Purpose of a Loan Agreement
A loan agreement is a document setting forth the details of a consumer or business loan. It contains all the terms and conditions under which the lender will lend the borrower the money. It states the amount of the loan, when the amount will be lent, the repayment schedule, the interest to be paid by the borrower, and other conditions, terms, and warranties required by the lender from the borrower.
A Loan Agreement covers many of the same points as a Promissory Note; however, it is a lengthier and more complicated document and covers a more complicated transaction.
Personal Loan Agreement
A Personal Loan is what you borrow from a bank, or a building society or institution, or from any other lender as a lump sum of money. It would ideally be the best option if you are looking to consolidate all of your debts into one, so that you could reduce overall the amount of monthly repayments on the same.
There are basically Two Types of Personal Loans. They are:
A Secured Loan
Wherein the loan involves the attachment of collateral - say, your property or any fixed/movable asset- against the sum of money borrowed. You risk losing your home should you default on repayments.
An Unsecured Loan
Here the loan is not secured against the loan amount borrowed. But consequently the lender would be charging a higher rate of interest, taking into account the high risk involved in lending the sum. Here, failure to make regular payments would see the lender fall back on the credit agreement, and resort to legal claims to make good the loss incurred.

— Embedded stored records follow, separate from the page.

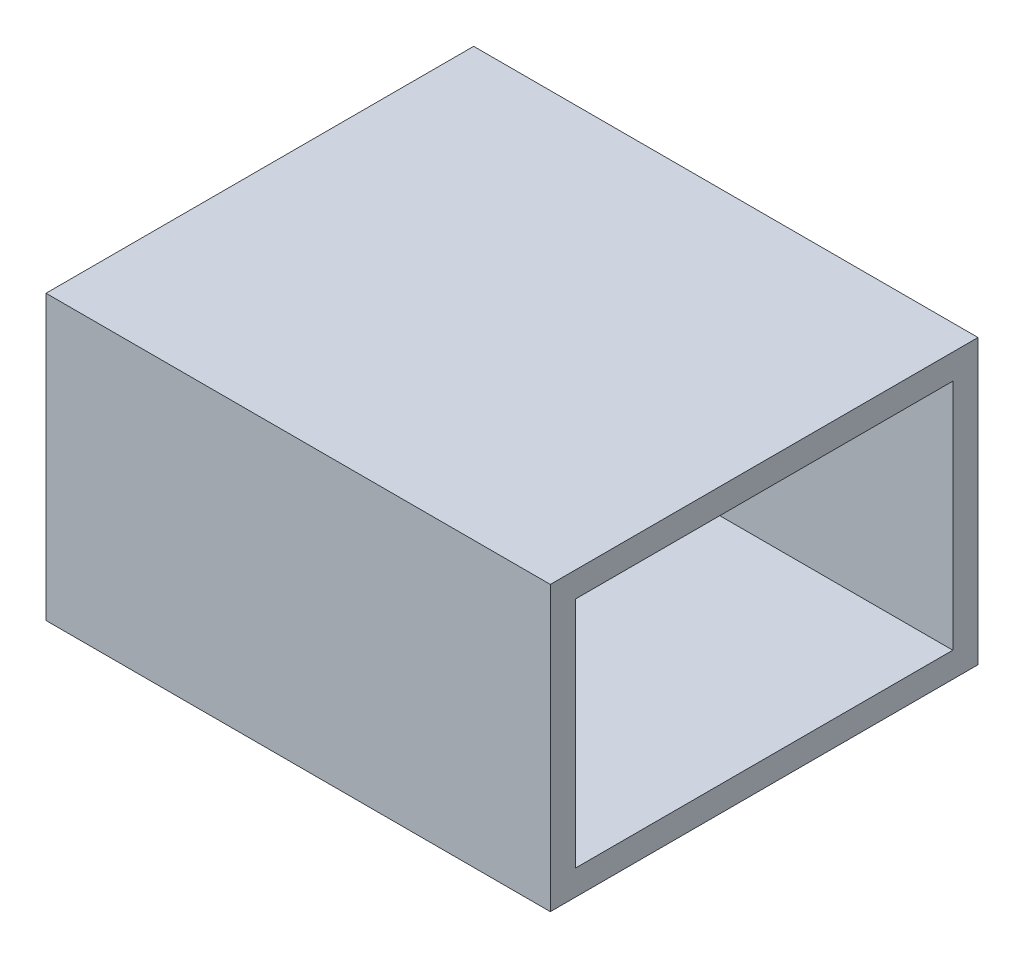
SolidWorks part; units mm, degrees
ref_plane "Front Plane" through (0, 0, 0) normal (0, 0, 1) x (1, 0, 0)
ref_plane "Top Plane" through (0, 0, 0) normal (0, 1, 0) x (1, 0, 0)
ref_plane "Right Plane" through (0, 0, 0) normal (1, 0, 0) x (0, 0, -1)
sketch "Sketch1" plane through (0, 0, 0) normal (1, 0, 0) x (0, 0, -1)
  line L1 (0, 0) -> (189.992, 0)
  line L2 (0, 0) -> (0, -117.348)
  line L3 (0, -117.348) -> (189.992, -117.348)
  line L4 (189.992, 0) -> (189.992, -117.348)
  line L5 (202.692, 12.7) -> (-12.7, 12.7)
  line L6 (202.692, 12.7) -> (202.692, -130.048)
  line L7 (202.692, -130.048) -> (-12.7, -130.048)
  line L8 (-12.7, 12.7) -> (-12.7, -130.048)
  dimension "D1" = 189.992
  dimension "D2" = 117.348
  dimension "D3" = 215.392
  dimension "D4" = 142.748
  dimension "D5" = 12.7
  dimension "D6" = 12.7
extrude "Boss-Extrude1" add sketch "Sketch1" along normal blind 254

Purpose of a Loan Agreement
A loan agreement is used for the following purposes:
• Individuals or corporations can prepare a loan agreement to lend or borrow money.
• Shareholders can use it to borrow money from the corporation in which they have invested.
The main purpose of a loan agreement is to clearly define what both parties are agreeing to in terms of establishing the working relationship and what responsibilities each party covenants to perform for the duration of the loan.
Advantages of Loan Agreement
• A loan agreement sets out the terms and conditions upon which a bank will lend money to a borrower.
• Because it is an agreement, it can be negotiated and agreed by the two parties.
• A loan agreement protects both parties and is a legally enforceable agreement.
• Taking out a personal loan from a bank or adding debt to your credit card can be expensive. Family members or friends often just want to help out and hopefully get their money back and not earn interest.
• Sometimes loans may not be available from corporate lenders because of low credit ratings or lack of security. Family and friends may be willing to help based on their knowledge and trust.
Disadvantages of Loan Agreement
• A major disadvantage to a loan is that the bank (or other lender) requires that the borrower pay back the loan whether or not your business is successful
• In practice, a bank sets its own conditions for lending, and a borrower will have to comply and agree to such terms if it needs the funds.
• Negotiating a loan agreement can be complex and time-consuming. The documentation must be thoroughly understood, and if specialist legal advice is required the process may be expensive.